I bounced around between stages a lot, but the other two performers I saw the most of were Journey and Ja Rule. Having seen Journey's riveting tale on VH1's "Behind The Music," I wanted to see if the sound-alike that replaced their original lead singer was as sound-alike in person as he was on VH1. He was. He did not though, choose to replicate the original singer's look, opting instead for off-white leather pants and, from a distance, what looked like jheri-curls. Nice.

Aria Two: Earlier Sunday, I went to the opera at the Fox Theatre. The performance was the Atlanta Opera's rendition of Puccini's La Rondine. It's the story of Magda, a banker's mistress who falls in love with the son of the banker's friend over a single drink at a bar. It's just like a Friday in Buckhead, really. The only problem is that he doesn't know she's the banker's mistress. That causes problems in the end. Actually, the real problem was that they fell in love during an opera. Opera romances never last. They usually end dramatically sometime during Act 3.

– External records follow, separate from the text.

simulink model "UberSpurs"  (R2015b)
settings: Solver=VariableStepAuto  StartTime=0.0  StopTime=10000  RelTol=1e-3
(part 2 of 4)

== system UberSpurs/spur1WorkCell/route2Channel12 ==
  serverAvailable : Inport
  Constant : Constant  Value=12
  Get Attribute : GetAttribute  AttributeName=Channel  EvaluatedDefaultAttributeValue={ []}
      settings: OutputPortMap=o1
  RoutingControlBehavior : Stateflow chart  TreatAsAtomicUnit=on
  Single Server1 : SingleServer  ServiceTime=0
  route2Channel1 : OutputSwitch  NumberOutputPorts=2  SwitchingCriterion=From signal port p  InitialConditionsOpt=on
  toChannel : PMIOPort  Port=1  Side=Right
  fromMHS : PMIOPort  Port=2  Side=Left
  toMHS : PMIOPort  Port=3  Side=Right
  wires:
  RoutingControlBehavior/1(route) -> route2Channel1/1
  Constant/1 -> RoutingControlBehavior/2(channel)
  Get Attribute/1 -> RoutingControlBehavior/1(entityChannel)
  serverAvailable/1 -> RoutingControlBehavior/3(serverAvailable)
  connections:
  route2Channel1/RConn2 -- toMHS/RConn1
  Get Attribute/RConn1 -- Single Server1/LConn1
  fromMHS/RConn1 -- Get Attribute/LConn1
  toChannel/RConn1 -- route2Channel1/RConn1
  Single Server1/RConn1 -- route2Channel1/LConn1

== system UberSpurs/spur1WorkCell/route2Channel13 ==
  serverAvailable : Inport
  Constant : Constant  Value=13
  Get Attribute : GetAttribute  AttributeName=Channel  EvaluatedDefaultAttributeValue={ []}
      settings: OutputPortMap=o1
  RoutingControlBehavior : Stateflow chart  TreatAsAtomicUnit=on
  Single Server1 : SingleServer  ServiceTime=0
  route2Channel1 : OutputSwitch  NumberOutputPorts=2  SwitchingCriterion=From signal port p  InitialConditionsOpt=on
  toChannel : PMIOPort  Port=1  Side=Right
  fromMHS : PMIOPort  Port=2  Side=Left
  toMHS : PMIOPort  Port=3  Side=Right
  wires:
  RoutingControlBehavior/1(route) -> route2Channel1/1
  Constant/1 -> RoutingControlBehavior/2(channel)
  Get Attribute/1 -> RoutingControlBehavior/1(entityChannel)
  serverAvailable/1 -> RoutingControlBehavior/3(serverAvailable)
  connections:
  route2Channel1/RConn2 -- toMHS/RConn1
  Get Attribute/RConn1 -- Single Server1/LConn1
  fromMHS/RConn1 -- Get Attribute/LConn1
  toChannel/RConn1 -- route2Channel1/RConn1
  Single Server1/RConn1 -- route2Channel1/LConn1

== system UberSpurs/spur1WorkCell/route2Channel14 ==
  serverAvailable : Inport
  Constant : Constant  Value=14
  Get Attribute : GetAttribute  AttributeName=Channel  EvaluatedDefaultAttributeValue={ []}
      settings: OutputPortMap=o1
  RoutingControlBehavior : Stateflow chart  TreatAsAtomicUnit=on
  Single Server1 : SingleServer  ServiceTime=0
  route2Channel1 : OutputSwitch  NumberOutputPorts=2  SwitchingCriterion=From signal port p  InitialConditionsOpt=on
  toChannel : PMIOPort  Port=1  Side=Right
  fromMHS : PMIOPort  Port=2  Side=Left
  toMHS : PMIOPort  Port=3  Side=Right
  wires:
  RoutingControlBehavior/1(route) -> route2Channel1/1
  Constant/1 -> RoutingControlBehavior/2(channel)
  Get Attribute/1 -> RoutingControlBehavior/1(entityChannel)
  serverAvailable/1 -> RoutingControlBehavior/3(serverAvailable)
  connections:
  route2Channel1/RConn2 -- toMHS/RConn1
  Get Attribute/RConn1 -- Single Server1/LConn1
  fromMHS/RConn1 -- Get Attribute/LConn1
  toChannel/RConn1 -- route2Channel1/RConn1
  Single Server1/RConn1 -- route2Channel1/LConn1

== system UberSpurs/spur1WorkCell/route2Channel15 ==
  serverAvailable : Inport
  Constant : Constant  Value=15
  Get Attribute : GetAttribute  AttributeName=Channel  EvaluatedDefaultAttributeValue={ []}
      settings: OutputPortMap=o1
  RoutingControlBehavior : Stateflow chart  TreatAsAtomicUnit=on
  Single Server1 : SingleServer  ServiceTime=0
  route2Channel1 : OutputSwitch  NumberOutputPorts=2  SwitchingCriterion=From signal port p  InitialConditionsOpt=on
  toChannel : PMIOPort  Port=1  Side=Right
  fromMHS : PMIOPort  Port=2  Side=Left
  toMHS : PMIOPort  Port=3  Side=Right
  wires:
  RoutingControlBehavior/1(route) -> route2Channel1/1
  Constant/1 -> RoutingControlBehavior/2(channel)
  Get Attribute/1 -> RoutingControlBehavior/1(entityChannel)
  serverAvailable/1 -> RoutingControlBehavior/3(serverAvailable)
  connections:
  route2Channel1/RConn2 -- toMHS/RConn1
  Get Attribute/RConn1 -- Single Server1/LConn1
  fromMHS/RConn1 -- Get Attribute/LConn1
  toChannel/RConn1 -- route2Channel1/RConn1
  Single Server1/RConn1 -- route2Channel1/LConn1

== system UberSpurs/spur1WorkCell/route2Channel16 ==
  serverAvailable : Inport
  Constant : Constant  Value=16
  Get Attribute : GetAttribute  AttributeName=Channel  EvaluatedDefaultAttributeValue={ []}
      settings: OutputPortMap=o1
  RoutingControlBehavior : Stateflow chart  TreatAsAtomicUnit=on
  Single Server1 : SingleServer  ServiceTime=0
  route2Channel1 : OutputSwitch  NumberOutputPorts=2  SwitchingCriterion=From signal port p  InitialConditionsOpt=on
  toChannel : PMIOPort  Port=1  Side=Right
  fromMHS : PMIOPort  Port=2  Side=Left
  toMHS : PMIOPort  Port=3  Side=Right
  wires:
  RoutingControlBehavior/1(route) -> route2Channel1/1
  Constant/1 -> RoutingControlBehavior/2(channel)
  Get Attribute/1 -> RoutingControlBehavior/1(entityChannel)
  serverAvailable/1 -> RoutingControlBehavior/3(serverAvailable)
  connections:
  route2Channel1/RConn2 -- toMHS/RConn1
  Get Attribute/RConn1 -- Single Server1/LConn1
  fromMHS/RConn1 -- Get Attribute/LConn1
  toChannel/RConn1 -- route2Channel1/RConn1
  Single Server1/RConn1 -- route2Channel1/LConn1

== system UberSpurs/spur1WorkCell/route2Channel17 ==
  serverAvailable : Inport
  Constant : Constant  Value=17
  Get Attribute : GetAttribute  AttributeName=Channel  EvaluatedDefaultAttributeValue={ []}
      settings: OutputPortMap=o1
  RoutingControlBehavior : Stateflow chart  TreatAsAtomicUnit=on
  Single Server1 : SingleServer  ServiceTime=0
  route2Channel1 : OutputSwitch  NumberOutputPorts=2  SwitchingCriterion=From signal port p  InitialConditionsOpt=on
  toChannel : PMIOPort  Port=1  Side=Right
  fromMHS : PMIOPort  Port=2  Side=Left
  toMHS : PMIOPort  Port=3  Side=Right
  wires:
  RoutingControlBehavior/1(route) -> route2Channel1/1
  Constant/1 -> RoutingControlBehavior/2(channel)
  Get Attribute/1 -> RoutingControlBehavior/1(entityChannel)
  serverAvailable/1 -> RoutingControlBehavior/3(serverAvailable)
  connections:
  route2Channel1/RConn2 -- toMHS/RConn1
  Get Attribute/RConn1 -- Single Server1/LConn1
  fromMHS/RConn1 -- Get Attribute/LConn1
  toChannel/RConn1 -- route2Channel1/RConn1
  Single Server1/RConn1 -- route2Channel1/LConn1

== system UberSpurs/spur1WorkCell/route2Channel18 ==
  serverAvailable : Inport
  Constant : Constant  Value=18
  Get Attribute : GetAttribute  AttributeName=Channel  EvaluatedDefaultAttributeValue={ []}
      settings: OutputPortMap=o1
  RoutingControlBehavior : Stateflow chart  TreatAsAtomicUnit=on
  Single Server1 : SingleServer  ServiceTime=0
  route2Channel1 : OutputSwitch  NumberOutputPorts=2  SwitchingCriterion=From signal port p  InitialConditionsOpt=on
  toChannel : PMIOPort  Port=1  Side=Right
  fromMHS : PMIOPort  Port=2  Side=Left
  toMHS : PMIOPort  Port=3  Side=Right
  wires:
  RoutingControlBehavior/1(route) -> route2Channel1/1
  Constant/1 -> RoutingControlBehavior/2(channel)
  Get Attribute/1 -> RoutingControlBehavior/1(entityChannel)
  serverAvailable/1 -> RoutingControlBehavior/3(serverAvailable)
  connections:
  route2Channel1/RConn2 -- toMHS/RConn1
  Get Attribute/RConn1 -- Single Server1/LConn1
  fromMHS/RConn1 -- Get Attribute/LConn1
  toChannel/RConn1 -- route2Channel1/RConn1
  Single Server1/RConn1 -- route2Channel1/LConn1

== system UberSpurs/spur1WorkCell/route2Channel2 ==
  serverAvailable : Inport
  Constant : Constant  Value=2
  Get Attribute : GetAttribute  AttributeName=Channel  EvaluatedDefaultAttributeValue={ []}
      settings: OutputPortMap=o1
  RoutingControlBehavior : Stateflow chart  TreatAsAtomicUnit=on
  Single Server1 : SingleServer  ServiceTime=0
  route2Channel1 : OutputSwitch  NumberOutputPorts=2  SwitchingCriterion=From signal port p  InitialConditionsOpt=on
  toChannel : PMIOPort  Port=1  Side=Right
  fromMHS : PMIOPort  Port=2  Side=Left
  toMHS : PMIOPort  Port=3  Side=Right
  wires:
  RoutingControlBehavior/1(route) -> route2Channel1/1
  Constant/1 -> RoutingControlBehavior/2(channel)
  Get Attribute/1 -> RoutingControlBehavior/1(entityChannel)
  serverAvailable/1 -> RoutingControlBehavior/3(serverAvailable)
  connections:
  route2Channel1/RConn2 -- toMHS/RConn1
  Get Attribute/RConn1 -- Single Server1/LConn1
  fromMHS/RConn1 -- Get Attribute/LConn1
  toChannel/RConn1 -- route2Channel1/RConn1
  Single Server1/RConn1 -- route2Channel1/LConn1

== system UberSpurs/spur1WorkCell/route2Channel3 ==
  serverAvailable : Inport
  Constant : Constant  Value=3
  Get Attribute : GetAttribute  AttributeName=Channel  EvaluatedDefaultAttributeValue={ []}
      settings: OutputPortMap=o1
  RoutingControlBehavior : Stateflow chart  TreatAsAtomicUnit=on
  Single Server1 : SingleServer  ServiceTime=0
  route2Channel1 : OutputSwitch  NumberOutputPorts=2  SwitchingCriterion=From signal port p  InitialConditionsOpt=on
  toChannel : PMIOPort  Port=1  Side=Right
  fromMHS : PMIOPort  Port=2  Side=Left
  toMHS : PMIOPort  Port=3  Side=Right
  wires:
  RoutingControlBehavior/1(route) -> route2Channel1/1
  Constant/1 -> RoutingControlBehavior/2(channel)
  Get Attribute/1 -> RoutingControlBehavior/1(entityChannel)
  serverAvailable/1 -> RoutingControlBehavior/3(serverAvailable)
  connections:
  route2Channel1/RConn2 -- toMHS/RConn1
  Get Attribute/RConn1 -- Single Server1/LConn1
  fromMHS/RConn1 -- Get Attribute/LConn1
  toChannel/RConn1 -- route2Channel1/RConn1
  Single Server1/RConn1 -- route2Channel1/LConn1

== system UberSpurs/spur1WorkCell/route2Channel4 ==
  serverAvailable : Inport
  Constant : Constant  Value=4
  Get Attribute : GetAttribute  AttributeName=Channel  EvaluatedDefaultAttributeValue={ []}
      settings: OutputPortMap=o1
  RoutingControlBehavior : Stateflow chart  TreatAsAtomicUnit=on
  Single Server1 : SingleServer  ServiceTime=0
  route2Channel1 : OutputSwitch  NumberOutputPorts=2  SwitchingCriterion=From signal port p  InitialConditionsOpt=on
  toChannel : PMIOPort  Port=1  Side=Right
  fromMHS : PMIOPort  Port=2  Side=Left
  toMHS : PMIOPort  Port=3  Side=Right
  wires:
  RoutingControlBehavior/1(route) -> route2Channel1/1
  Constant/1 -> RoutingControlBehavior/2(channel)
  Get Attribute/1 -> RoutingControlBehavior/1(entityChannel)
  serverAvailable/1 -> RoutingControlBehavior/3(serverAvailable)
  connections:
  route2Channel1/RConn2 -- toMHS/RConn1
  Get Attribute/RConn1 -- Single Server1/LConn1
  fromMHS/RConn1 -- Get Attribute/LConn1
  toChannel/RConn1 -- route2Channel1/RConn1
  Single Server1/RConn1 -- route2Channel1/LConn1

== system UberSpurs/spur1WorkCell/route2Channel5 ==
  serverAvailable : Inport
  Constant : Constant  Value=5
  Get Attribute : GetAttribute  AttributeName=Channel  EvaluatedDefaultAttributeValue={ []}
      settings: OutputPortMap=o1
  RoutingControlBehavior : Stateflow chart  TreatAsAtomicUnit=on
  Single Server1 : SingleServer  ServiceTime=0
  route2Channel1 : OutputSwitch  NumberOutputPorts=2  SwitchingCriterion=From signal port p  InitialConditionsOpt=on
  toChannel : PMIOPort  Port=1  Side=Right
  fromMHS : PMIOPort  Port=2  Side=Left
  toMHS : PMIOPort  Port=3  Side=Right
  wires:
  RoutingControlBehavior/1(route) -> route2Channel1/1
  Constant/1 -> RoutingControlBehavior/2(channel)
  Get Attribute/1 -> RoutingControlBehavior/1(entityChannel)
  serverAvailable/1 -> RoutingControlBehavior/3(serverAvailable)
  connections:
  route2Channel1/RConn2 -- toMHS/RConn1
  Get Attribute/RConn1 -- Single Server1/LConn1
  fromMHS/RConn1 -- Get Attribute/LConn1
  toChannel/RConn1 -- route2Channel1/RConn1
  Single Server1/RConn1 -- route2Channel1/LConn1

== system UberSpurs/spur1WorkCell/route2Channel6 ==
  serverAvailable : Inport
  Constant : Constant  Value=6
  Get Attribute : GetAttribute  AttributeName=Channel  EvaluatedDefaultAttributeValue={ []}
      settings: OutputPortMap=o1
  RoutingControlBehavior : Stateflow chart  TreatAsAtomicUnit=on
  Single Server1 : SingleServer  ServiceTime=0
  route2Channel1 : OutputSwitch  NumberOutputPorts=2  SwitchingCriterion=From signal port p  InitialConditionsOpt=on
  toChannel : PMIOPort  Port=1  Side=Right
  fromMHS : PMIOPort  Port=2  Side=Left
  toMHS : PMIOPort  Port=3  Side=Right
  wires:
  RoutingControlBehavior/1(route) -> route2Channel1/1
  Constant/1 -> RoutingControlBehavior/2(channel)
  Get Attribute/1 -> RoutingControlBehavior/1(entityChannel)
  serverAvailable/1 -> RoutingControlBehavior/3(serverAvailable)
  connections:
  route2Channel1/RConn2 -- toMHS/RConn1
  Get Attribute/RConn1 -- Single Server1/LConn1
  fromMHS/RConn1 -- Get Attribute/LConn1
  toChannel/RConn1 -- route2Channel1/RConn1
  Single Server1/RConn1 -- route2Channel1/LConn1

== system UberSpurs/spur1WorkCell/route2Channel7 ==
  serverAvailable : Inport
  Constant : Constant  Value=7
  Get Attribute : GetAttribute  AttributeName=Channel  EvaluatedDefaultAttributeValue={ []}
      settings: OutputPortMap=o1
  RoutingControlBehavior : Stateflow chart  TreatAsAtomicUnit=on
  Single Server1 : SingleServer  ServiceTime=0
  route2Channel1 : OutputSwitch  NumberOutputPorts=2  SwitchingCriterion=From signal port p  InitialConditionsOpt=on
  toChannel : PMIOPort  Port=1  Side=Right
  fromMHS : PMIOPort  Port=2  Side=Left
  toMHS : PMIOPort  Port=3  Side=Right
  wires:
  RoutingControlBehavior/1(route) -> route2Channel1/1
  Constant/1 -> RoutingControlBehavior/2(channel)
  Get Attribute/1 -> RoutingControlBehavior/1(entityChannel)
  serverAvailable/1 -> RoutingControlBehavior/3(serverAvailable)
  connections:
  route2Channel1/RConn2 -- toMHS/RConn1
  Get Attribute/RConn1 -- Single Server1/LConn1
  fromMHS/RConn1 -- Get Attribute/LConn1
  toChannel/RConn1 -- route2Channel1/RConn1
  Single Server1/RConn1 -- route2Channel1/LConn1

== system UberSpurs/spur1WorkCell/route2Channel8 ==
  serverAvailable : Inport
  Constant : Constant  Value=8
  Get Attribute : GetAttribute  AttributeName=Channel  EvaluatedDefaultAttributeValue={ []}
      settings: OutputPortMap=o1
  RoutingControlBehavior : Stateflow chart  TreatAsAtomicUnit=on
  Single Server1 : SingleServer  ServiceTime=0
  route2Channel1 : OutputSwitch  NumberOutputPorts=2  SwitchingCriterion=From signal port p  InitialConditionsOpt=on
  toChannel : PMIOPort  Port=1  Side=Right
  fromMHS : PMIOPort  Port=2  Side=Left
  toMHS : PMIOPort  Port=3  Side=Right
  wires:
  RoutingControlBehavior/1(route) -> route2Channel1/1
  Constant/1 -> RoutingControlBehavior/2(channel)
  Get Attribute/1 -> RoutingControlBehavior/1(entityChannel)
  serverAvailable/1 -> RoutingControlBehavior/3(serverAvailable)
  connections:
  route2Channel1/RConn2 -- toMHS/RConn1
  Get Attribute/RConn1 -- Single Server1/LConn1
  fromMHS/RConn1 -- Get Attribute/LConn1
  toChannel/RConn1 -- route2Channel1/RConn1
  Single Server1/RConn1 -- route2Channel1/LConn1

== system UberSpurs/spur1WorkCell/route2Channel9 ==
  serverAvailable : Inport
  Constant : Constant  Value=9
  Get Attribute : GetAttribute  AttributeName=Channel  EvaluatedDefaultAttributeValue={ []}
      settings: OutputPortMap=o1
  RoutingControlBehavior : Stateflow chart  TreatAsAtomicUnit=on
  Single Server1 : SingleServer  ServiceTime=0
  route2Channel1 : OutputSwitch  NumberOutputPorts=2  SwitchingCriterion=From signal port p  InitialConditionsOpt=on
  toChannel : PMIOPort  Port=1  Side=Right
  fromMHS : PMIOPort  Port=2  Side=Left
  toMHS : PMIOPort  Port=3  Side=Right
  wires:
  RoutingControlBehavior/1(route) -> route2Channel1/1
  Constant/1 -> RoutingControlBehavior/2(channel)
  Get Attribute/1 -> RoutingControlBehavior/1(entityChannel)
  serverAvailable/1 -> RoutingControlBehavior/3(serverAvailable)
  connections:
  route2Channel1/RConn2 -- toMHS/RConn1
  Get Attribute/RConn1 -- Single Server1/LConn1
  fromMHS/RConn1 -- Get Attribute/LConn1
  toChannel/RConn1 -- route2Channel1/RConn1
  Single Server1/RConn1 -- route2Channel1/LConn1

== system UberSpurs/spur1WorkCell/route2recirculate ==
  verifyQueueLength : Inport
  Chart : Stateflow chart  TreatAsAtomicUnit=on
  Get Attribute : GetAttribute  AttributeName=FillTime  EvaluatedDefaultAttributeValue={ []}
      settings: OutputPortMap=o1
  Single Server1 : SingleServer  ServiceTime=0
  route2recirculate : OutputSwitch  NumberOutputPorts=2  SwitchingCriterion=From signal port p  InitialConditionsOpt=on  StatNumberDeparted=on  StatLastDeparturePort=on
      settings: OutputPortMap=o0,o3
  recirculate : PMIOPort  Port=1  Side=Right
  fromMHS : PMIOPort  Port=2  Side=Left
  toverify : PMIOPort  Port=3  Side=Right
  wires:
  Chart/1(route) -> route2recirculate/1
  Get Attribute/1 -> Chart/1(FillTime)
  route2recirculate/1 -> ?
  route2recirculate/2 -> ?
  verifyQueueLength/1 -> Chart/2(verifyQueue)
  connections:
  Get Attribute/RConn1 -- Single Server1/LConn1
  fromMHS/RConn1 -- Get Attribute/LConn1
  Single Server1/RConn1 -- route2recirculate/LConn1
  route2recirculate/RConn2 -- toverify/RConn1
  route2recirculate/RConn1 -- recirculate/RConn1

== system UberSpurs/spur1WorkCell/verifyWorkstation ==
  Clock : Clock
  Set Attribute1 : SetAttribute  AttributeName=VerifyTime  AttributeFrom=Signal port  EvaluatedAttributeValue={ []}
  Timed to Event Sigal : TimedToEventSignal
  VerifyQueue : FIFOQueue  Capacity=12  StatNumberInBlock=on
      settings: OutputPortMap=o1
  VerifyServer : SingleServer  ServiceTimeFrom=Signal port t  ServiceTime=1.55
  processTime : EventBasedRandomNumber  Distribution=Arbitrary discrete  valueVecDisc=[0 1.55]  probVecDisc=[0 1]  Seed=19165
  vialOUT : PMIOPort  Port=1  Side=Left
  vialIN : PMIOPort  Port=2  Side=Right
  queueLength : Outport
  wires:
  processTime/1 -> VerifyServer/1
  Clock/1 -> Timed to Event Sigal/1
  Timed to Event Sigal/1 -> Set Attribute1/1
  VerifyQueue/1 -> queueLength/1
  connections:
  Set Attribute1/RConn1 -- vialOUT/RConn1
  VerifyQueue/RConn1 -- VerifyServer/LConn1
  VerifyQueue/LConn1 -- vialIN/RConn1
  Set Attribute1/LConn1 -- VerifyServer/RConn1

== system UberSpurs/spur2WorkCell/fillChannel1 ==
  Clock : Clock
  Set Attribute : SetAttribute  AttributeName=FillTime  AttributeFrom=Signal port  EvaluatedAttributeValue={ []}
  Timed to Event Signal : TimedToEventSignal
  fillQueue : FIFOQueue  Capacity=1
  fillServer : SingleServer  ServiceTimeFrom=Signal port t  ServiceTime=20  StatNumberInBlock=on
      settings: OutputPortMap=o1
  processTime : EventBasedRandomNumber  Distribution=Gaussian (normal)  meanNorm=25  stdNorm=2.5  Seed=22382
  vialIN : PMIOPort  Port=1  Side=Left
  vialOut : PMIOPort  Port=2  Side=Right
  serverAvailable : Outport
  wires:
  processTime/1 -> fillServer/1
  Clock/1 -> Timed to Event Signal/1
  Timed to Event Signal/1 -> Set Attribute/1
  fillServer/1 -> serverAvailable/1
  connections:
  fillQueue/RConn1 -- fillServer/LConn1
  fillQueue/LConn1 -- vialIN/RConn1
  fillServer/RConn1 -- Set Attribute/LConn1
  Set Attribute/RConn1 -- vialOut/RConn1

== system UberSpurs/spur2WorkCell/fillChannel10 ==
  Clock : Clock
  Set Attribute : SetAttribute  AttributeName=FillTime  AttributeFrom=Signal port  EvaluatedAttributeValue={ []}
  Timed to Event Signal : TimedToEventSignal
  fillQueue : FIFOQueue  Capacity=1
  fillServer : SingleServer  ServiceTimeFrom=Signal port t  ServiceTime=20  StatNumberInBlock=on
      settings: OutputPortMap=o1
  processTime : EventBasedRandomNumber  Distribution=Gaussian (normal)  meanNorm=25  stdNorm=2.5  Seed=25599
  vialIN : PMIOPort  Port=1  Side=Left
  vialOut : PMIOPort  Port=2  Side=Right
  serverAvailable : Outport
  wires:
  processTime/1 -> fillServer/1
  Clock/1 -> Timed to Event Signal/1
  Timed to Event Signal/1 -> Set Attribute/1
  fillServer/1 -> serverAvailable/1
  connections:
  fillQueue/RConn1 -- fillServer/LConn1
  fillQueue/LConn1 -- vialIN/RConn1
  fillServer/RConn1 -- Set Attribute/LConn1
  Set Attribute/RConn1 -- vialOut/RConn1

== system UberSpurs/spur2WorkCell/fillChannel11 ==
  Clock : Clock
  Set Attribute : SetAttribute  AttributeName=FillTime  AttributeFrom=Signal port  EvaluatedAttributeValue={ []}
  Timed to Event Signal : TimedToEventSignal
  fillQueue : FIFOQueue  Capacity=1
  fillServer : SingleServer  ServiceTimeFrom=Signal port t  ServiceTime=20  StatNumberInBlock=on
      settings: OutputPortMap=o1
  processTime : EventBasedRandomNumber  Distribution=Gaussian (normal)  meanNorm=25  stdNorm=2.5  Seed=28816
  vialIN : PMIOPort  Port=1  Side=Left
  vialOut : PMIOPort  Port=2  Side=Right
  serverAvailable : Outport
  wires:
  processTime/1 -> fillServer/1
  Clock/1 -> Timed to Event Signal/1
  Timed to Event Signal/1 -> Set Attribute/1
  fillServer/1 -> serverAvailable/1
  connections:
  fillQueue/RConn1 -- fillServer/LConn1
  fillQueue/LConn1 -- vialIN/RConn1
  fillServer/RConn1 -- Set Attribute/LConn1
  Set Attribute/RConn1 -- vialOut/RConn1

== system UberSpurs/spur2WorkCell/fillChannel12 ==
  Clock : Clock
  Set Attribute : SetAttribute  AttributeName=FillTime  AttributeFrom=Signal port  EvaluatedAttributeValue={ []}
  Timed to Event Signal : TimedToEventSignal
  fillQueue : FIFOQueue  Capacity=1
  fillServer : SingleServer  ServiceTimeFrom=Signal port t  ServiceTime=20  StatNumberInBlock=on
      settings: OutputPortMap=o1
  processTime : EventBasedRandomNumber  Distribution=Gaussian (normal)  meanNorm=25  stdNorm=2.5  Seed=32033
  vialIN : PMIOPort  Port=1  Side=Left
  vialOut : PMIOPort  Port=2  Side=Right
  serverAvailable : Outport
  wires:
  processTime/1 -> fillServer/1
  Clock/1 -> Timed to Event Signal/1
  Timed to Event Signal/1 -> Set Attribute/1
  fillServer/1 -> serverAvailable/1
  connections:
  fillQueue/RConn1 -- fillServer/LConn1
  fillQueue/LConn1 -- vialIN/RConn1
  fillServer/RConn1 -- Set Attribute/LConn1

Stereo Types: Performing Saturday at the Variety Playhouse -- the same night as Music Midtown, thus guaranteeing a low turnout -- was the English band Cornershop. The band's music has a low-key wit that I'm sure I miss most of because the lyrics are sung in Punjabi. Here's one I do get though: The band's singer, Tjinder Singh, is an Englishman of Indian descent. Calling the band Cornershop is the equivalent of an American band with a Korean-descended lead singer calling itself Convenience Store or Dry Cleaner. The performance was heavy on long, groove-oriented songs. The two songs that stood out most were the most immediately melodic ones, including the band's hit, "Brimful of Asha," and a cover of The Beatles' "Norwegian Wood," sung in Punjabi.

Older Budweiser: Bud Light and Maxim magazine threw a party last Wednesday at The Contemporary aimed, according to a knowledgeable source on the scene, at getting 21- to 27-year-olds interested in Bud Light. So, at 28, Bud Light considers me over the hill. Thanks, guys.

There were snacks, free beer, a DJ, and skankily dressed hired dancers. One woman had on an electric blue tankini/leotard (tankinitard?) outfit that made her like a superhero whose power is the ability to out aerobicize the bad guys. Perhaps it was just the free beer, but everyone seemed to be in great spirits. There was lots of dancing and more women grinding their backsides into their male dance partner's crotches than one typically sees on a Wednesday night. Although my crotch remained untouched that night, it was nevertheless a fine outing.